今回は、『スポーツとコミュニティが生み出す社会的価値 ~ サッカークリニックの社会的インパクトを可視化する~』と題し、デロイト トーマツ グループのウェブサイトに掲載された記事に関する考察の後編をお届けします(前編はこちら)。
ハワイで開催された子ども向けサッカー教室「Pacific Rim Cup – Keiki Soccer Clinic 2023」を対象に、SROI(Social Return on Investment:社会的投資収益率)を用いて実施した社会的インパクトの分析に関して、イベントの開催、および分析を行った本ウェブサイト運営メンバー4名が振り返りを行いました。

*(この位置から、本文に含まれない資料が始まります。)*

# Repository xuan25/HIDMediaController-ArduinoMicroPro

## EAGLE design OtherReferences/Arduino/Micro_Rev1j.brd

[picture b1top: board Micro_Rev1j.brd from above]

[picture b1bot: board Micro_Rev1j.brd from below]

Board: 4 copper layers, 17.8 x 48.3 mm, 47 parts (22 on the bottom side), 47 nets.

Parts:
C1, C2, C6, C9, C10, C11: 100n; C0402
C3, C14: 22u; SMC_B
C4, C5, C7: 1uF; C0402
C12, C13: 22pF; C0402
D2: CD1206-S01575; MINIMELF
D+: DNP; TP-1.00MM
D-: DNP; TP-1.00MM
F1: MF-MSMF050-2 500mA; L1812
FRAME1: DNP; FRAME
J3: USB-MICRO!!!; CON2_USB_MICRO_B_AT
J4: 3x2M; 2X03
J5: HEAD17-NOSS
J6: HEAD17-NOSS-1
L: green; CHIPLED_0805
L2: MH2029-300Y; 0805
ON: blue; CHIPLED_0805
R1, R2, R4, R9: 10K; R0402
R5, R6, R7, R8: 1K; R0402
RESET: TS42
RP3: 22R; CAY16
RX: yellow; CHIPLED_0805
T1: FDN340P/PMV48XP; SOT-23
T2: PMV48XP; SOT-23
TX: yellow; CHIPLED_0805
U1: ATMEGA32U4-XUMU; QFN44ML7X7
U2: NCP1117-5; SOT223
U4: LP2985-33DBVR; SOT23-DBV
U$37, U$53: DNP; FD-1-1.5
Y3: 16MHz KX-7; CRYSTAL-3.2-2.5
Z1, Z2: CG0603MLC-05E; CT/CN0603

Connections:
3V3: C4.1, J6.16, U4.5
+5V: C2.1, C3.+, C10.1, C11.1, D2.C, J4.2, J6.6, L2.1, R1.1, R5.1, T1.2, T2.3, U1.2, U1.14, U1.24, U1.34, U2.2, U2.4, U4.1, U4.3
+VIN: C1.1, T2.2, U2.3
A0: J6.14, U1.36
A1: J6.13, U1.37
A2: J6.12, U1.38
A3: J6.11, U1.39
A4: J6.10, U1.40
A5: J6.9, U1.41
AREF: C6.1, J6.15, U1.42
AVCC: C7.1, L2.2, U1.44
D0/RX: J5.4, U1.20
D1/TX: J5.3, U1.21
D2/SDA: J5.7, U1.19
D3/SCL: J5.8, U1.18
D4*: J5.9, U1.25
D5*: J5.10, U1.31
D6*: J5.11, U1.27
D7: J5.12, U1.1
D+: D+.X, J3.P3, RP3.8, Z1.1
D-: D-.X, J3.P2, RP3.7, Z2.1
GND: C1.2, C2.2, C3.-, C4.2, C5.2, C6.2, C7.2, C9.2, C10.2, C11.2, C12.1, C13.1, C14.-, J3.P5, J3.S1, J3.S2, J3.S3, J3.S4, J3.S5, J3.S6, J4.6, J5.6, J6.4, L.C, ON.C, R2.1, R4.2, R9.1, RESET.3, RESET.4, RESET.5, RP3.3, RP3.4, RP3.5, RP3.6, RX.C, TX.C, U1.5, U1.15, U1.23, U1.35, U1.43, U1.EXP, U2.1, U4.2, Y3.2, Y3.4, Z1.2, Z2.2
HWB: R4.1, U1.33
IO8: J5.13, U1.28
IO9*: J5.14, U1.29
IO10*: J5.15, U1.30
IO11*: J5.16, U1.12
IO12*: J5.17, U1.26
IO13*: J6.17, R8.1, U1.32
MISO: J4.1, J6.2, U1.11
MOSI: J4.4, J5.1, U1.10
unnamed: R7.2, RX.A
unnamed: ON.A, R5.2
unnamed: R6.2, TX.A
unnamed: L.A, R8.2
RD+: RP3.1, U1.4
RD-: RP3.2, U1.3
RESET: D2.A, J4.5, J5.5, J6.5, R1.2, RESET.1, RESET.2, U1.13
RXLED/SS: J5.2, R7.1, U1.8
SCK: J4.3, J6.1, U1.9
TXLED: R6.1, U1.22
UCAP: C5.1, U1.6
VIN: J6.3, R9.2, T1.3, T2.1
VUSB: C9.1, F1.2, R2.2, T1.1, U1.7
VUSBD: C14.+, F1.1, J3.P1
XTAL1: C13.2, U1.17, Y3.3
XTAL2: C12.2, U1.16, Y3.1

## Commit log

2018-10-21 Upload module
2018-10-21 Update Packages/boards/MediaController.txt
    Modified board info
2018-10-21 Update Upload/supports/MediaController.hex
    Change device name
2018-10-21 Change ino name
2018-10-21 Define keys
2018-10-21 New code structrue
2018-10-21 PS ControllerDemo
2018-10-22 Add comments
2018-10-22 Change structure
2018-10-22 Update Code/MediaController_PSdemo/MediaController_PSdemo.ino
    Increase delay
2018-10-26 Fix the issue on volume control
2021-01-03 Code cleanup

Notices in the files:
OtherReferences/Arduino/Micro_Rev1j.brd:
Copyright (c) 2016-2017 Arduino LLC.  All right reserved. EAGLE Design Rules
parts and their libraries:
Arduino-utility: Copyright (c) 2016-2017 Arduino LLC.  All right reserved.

※参考:地域コミュニティに浸透していくPacific Rim Cupから学ぶ| SPORTS BUSINESS LABORATORY
実際に開催して得られた気づき
氏家 「ロジックモデルを組む過程で、あらためて感じたクリニックの意義や価値はありますか」
中村 「ロジックモデルを一緒に組ませていただき、頭の中があらためて整理できました。ただ、イベント開催の1日だけで全てを測定できるのか、今までの積み重ねや、その前後の活動をどう含めるのか、という将来に向けてロジックツリーのアップグレードのヒントも得られました」
森松 「地元クラブではない団体による開催が一つの価値だと思います。さらに、年1回の開催のため希少価値が上がる。単発では国際交流のインパクトは小さいかもしれませんが、繰り返していくことで価値が上がっていくのでしょう。当時はFIFA女子ワールドカップの開催期間中だったため、優勝経験のある海堀さんの登場で子どもたちも盛り上がりましたし、何かのきっかけで日本への興味が生まれるかもしれません。
コミュニティについては、イベントによって新しい交流が生まれたというより、元々のつながりの中での交流が活性化した印象です。クリニックの参加者だけでなく、現地の方々が運営にも参画していたので、そこでコミュニケーションが生まれ、運営ノウハウの獲得やレベルアップにもつながっていると感じました。次にクリニックを開催するときは、さらにスムーズに実施できるでしょう。プロのサッカー大会など、よりレベルの高いイベントを開催するときは、業務が標準化されていないと運営が回らないでしょうから、今回はイベント運営をサステナブルにしていくための検証にも生かせたと思います。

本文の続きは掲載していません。